# Rare Patek Philippe Stolen!



## jaberman

My house was recently robbed and a rarePatek Philippe was stolen! This is the watch http://i.imgur.com/DGLhO.jpg

I know this watch is worth a lot of money, it was also insured. I probably can get the serial number if it is needed. I really don't know anything about watches, but I figure something rare like this will help us track down the burglar.

Any help would be greatly appreciated.


----------



## Marcus_Leonardo

You don't know anything about watches yet you have a Patek Philippe? Sounds to me like you never owned it in the first place and you're trying to get a nice watch cheaply... Why not try the honest way and save up money for a bit, and then buy it.


----------



## StanThe Man

Sorry for your loss,hope it's found.Thief's taste is impeccable !!


----------



## jaberman

Marcus_Leonardo said:


> You don't know anything about watches yet you have a Patek Philippe? Sounds to me like you never owned it in the first place and you're trying to get a nice watch cheaply... Why not try the honest way and save up money for a bit, and then buy it.


Seriously don't be an ass hole. It's my dad's watch not mine. He worked a lot to be able to buy this watch and it means a lot to him. It was stolen from our house and was trying to help him recover it.


----------



## portauto

Marcus_Leonardo said:


> You don't know anything about watches yet you have a Patek Philippe? Sounds to me like you never owned it in the first place and you're trying to get a nice watch cheaply... Why not try the honest way and save up money for a bit, and then buy it.


That really wasn't warranted..

To the OP, best of luck in recovering your father's watch

Kindest Regards,
Portauto


----------



## at2011

Hopefully the burglar gets caught and the watch gets recovered. Best of luck!

Sent from my HTC_Amaze_4G using Tapatalk 2


----------



## JonnyD3487

Post the serial number in the thread title.

https://www.watchuseek.com/f90/tip-...n-shop-owner-who-uses-please-read-769650.html


----------



## teatimecrumpet

Marcus_Leonardo said:


> You don't know anything about watches yet you have a Patek Philippe? Sounds to me like you never owned it in the first place and you're trying to get a nice watch cheaply... Why not try the honest way and save up money for a bit, and then buy it.

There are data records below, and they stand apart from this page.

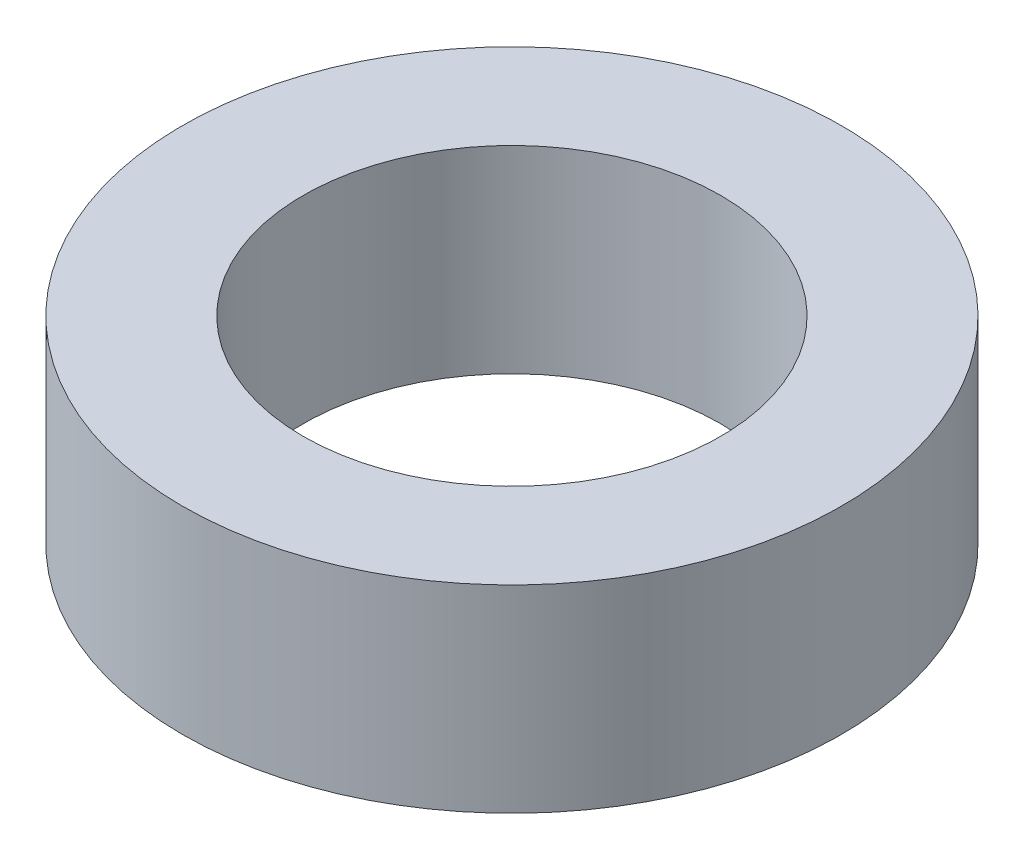
ISO-10303-21;
HEADER;
FILE_DESCRIPTION(('STEP AP214'),'2;1');
FILE_NAME('part.step','',(''),(''),'','','');
FILE_SCHEMA(('AUTOMOTIVE_DESIGN { 1 0 10303 214 1 1 1 1 }'));
ENDSEC;
DATA;
#1=APPLICATION_CONTEXT('core data for automotive mechanical design processes');
#2=APPLICATION_PROTOCOL_DEFINITION('international standard','automotive_design',2000,#1);
#3=PRODUCT_CONTEXT('',#1,'mechanical');
#4=PRODUCT('Part','Part','',(#3));
#5=PRODUCT_RELATED_PRODUCT_CATEGORY('part','',(#4));
#6=PRODUCT_DEFINITION_FORMATION('','',#4);
#7=PRODUCT_DEFINITION_CONTEXT('part definition',#1,'design');
#8=PRODUCT_DEFINITION('design','',#6,#7);
#9=PRODUCT_DEFINITION_SHAPE('','',#8);
#10=(LENGTH_UNIT() NAMED_UNIT(*) SI_UNIT(.MILLI.,.METRE.));
#11=(NAMED_UNIT(*) PLANE_ANGLE_UNIT() SI_UNIT($,.RADIAN.));
#12=(NAMED_UNIT(*) SI_UNIT($,.STERADIAN.) SOLID_ANGLE_UNIT());
#13=UNCERTAINTY_MEASURE_WITH_UNIT(LENGTH_MEASURE(1.E-05),#10,'distance_accuracy_value','');
#14=(GEOMETRIC_REPRESENTATION_CONTEXT(3) GLOBAL_UNCERTAINTY_ASSIGNED_CONTEXT((#13)) GLOBAL_UNIT_ASSIGNED_CONTEXT((#10,
#11,#12)) REPRESENTATION_CONTEXT('',''));
#15=CARTESIAN_POINT('',(0.,0.,0.));
#16=DIRECTION('',(0.,0.,1.));
#17=DIRECTION('',(1.,0.,0.));
#18=AXIS2_PLACEMENT_3D('',#15,#16,#17);
#19=CARTESIAN_POINT('',(0.,9.,0.));
#20=DIRECTION('',(0.,-1.,0.));
#21=DIRECTION('',(0.,0.,-1.));
#22=AXIS2_PLACEMENT_3D('',#19,#20,#21);
#23=CYLINDRICAL_SURFACE('',#22,15.);
#24=CARTESIAN_POINT('',(0.,9.,0.));
#25=DIRECTION('',(0.,1.,0.));
#26=DIRECTION('',(0.,0.,1.));
#27=AXIS2_PLACEMENT_3D('',#24,#25,#26);
#28=CIRCLE('',#27,15.);
#29=CARTESIAN_POINT('',(0.,9.,15.));
#30=VERTEX_POINT('',#29);
#31=EDGE_CURVE('E10',#30,#30,#28,.T.);
#32=ORIENTED_EDGE('',*,*,#31,.F.);
#33=EDGE_LOOP('',(#32));
#34=FACE_BOUND('',#33,.T.);
#35=CARTESIAN_POINT('',(0.,0.,0.));
#36=DIRECTION('',(0.,1.,0.));
#37=DIRECTION('',(0.,0.,1.));
#38=AXIS2_PLACEMENT_3D('',#35,#36,#37);
#39=CIRCLE('',#38,15.);
#40=CARTESIAN_POINT('',(0.,0.,15.));
#41=VERTEX_POINT('',#40);
#42=EDGE_CURVE('E36',#41,#41,#39,.T.);
#43=ORIENTED_EDGE('',*,*,#42,.T.);
#44=EDGE_LOOP('',(#43));
#45=FACE_BOUND('',#44,.T.);
#46=ADVANCED_FACE('F33',(#34,#45),#23,.T.);
#47=CARTESIAN_POINT('',(0.,9.,0.));
#48=DIRECTION('',(0.,1.,0.));
#49=DIRECTION('',(0.,0.,1.));
#50=AXIS2_PLACEMENT_3D('',#47,#48,#49);
#51=PLANE('',#50);
#52=CARTESIAN_POINT('',(0.,9.,0.));
#53=DIRECTION('',(0.,1.,0.));
#54=DIRECTION('',(0.,0.,1.));
#55=AXIS2_PLACEMENT_3D('',#52,#53,#54);
#56=CIRCLE('',#55,9.5);
#57=CARTESIAN_POINT('',(0.,9.,9.5));
#58=VERTEX_POINT('',#57);
#59=EDGE_CURVE('E45',#58,#58,#56,.T.);
#60=ORIENTED_EDGE('',*,*,#59,.F.);
#61=EDGE_LOOP('',(#60));
#62=FACE_BOUND('',#61,.T.);
#63=ORIENTED_EDGE('',*,*,#31,.T.);
#64=EDGE_LOOP('',(#63));
#65=FACE_BOUND('',#64,.T.);
#66=ADVANCED_FACE('F60',(#62,#65),#51,.T.);
#67=CARTESIAN_POINT('',(0.,0.,0.));
#68=DIRECTION('',(0.,1.,0.));
#69=DIRECTION('',(0.,0.,1.));
#70=AXIS2_PLACEMENT_3D('',#67,#68,#69);
#71=PLANE('',#70);
#72=CARTESIAN_POINT('',(0.,0.,0.));
#73=DIRECTION('',(0.,1.,0.));
#74=DIRECTION('',(0.,0.,1.));
#75=AXIS2_PLACEMENT_3D('',#72,#73,#74);
#76=CIRCLE('',#75,9.5);
#77=CARTESIAN_POINT('',(0.,0.,9.5));
#78=VERTEX_POINT('',#77);
#79=EDGE_CURVE('E43',#78,#78,#76,.T.);
#80=ORIENTED_EDGE('',*,*,#79,.T.);
#81=EDGE_LOOP('',(#80));
#82=FACE_BOUND('',#81,.T.);
#83=ORIENTED_EDGE('',*,*,#42,.F.);
#84=EDGE_LOOP('',(#83));
#85=FACE_BOUND('',#84,.T.);
#86=ADVANCED_FACE('F51',(#82,#85),#71,.F.);
#87=CARTESIAN_POINT('',(0.,0.,0.));
#88=DIRECTION('',(0.,1.,0.));
#89=DIRECTION('',(0.,0.,1.));
#90=AXIS2_PLACEMENT_3D('',#87,#88,#89);
#91=CYLINDRICAL_SURFACE('',#90,9.5);
#92=ORIENTED_EDGE('',*,*,#79,.F.);
#93=EDGE_LOOP('',(#92));
#94=FACE_BOUND('',#93,.T.);
#95=ORIENTED_EDGE('',*,*,#59,.T.);
#96=EDGE_LOOP('',(#95));
#97=FACE_BOUND('',#96,.T.);
#98=ADVANCED_FACE('F54',(#94,#97),#91,.F.);
#99=CLOSED_SHELL('',(#46,#66,#86,#98));
#100=MANIFOLD_SOLID_BREP('B2',#99);
#101=ADVANCED_BREP_SHAPE_REPRESENTATION('',(#18,#100),#14);
#102=SHAPE_DEFINITION_REPRESENTATION(#9,#101);
ENDSEC;
END-ISO-10303-21;

This is why I hate Australia.

GL to OP. not that it is the best but at least it is insured.


----------



## pjw

tragic


----------



## Amnaggar

teatimecrumpet said:


> This is why I hate Australia.
> 
> GL to OP. not that it is the best but at least it is insured.


Hi there, I find your comment on Australia interesting... I was a member on the Rolex Forum and another member once found me "advertising" that I was looking for a Pam382 Bronzo and so he said he bought one of a UK dealer and he'd sell it on to me.. to cut to story short.. I was scammed! I immediately wanted to share the story on the forum and warn others... What happened was that the admin suddenly started sending me threats that I should stop this story and that it's fishy and that I'll be banned from the forum ) and he did!!!

Sent from my iPad using Tapatalk


----------



## Amnaggar

teatimecrumpet said:


> This is why I hate Australia.
> 
> GL to OP. not that it is the best but at least it is insured.


Hi there, I find your comment on Australia interesting... I was a member on the Rolex Forum and another member once found me "advertising" that I was looking for a Pam382 Bronzo and so he said he bought one of a UK dealer and he'd sell it on to me.. to cut to story short.. I was scammed! I immediately wanted to share the story on the forum and warn others... What happened was that the admin suddenly started sending me threats that I should stop this story and that it's fishy and that I'll be banned from the forum ) and he did ban me!!! Like I'm banned from heaven 

Sent from my iPad using Tapatalk


----------



## mrchan

Marcus_Leonardo said:


> You don't know anything about watches yet you have a Patek Philippe? Sounds to me like you never owned it in the first place and you're trying to get a nice watch cheaply... Why not try the honest way and save up money for a bit, and then buy it.


Yeah that wasn't warranted at all..Probably shoulda heard the whole story before judging..OP shoulda posted the whole story btw.

Sent from my iPad using Tapatalk


----------



## des22969

Marcus_Leonardo said:


> You don't know anything about watches yet you have a Patek Philippe? Sounds to me like you never owned it in the first place and you're trying to get a nice watch cheaply... Why not try the honest way and save up money for a bit, and then buy it.


Kangaroo Jackass and thinks they are the greatest, NOT............


----------